Secondly, as the overall sentiment in the real estate industry was muted buyers started delaying their purchase plans. Hence, even the volume game went for a toss. The low margin-dry volume combination turned out to be a double whammy for the real estate builders. Hence, quite a few of them have re-engineered their plans and have started high end projects which yield better returns.

While the current fiasco is a temporary industry phenomenon, we believe that the success of such projects depends upon the speed of execution and approval process. Land is an important component of the overall construction cost. If awarding land title takes longer than expected (with land prices appreciating in the meanwhile) it can impact the profitability dynamics of the project. It could mean that the project has turned unviable from the developer's perspective.
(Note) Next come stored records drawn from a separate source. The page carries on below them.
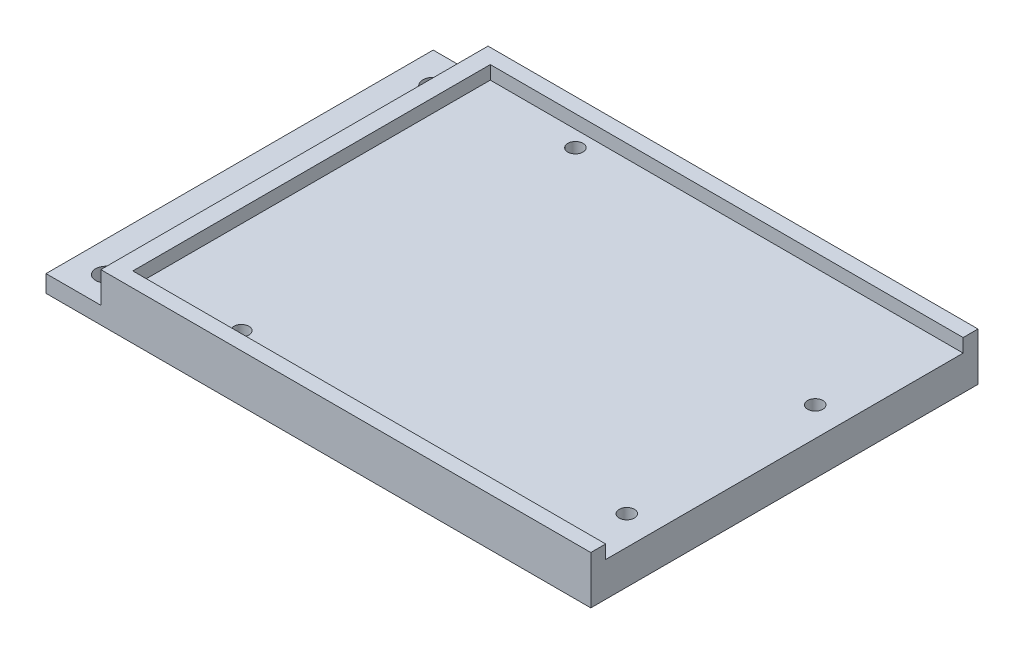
from build123d import *

# Parameters (mm, degrees)
SKETCH1_W               = 80.772
SKETCH1_H               = 57.404
BOSS_EXTRUDE1_DEPTH     = 7.112
CUT_EXTRUDE1_DEPTH      = 71.546642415
CUT_EXTRUDE1_DEPTH_BACK = 71.546642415
SKETCH2_W               = 8.128
SKETCH2_H               = 4.572
CUT_EXTRUDE3_DEPTH      = 51.054114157
CUT_EXTRUDE3_DEPTH_BACK = 51.054114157
SKETCH4_R               = 1.1303
CUT_EXTRUDE2_DEPTH      = 50.756778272
CUT_EXTRUDE2_DEPTH_BACK = 50.756778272
SKETCH3_R               = 1.524
SKETCH5_W               = 70.104
SKETCH5_H               = 52.999999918
CUT_EXTRUDE4_DEPTH      = 2


with BuildPart() as part:
    # Sketch1 → Boss-Extrude1 (new body)
    with BuildSketch(Plane(origin=(0, 0, 0), x_dir=(1, 0, 0), z_dir=(0, 1, 0))):
        Rectangle(SKETCH1_W, SKETCH1_H)
    extrude(amount=BOSS_EXTRUDE1_DEPTH)

    # Sketch2 → Cut-Extrude1 (cut, two sides: drawn at the far end of the back side and taken through both)
    with BuildSketch(Plane.XY.offset(28.702).offset(-CUT_EXTRUDE1_DEPTH_BACK)):
        with Locations((-36.322, 4.826)):
            Rectangle(SKETCH2_W, SKETCH2_H)
    extrude(amount=CUT_EXTRUDE1_DEPTH + CUT_EXTRUDE1_DEPTH_BACK, mode=Mode.SUBTRACT)

    # Sketch4 → Cut-Extrude3 (cut, two sides: drawn at the far end of the back side and taken through both)
    with BuildSketch(Plane(origin=(0, 7.112, 0), x_dir=(1, 0, 0), z_dir=(0, 1, 0)).offset(-CUT_EXTRUDE3_DEPTH_BACK)):
        with Locations(Location((-14.732, 24.13, 0), (0, 0, 270))):
            Circle(SKETCH4_R)
        with Locations(Location((-16.002, -24.13, 0), (0, 0, 270))):
            Circle(SKETCH4_R)
        with Locations(Location((36.068, 8.89, 0), (0, 0, 270))):
            Circle(SKETCH4_R)
        with Locations(Location((36.068, -19.05, 0), (0, 0, 270))):
            Circle(SKETCH4_R)
    extrude(amount=CUT_EXTRUDE3_DEPTH + CUT_EXTRUDE3_DEPTH_BACK, mode=Mode.SUBTRACT)

    # Sketch3 → Cut-Extrude2 (cut, two sides: drawn at the far end of the back side and taken through both)
    with BuildSketch(Plane(origin=(0, 2.54, 0), x_dir=(1, 0, 0), z_dir=(0, 1, 0)).offset(-CUT_EXTRUDE2_DEPTH_BACK)):
        with Locations(Location((-35.814, -24.384, 0), (0, 0, 180))):
            Circle(SKETCH3_R)
        with Locations(Location((-35.814, 24.13, 0), (0, 0, 180))):
            Circle(SKETCH3_R)
    extrude(amount=CUT_EXTRUDE2_DEPTH + CUT_EXTRUDE2_DEPTH_BACK, mode=Mode.SUBTRACT)

    # Sketch5 → Cut-Extrude4 (cut)
    with BuildSketch(Plane(origin=(0, 7.112, 0), x_dir=(1, 0, 0), z_dir=(0, 1, 0))):
        with Locations((5.334, 0)):
            Rectangle(SKETCH5_W, SKETCH5_H)
    extrude(amount=-CUT_EXTRUDE4_DEPTH, mode=Mode.SUBTRACT)


solid = part.part

Secondly, marketing these projects remains a key challenge. Remember, the population being targeted in low cost housing is probably illiterate and perhaps does not even have a bank account. Hence, the advertisement aspect needs to be carefully managed. Having dedicated personnel for this job may help to a certain extent. Arranging for home financing is another issue. Considering the target populace does not have a stable income (daily wage earners) there has to be some form of micro-finance lending facility in place. Bank lending would certainly be difficult here.

We believe that majority of the builders were not able to understand the marketing aspect of the low cost housing model. Neither were they equipped with the requisite execution skill sets which resulted in cost escalation and impacted margins.

As a result affordable housing turned out to be unaffordable for the developers!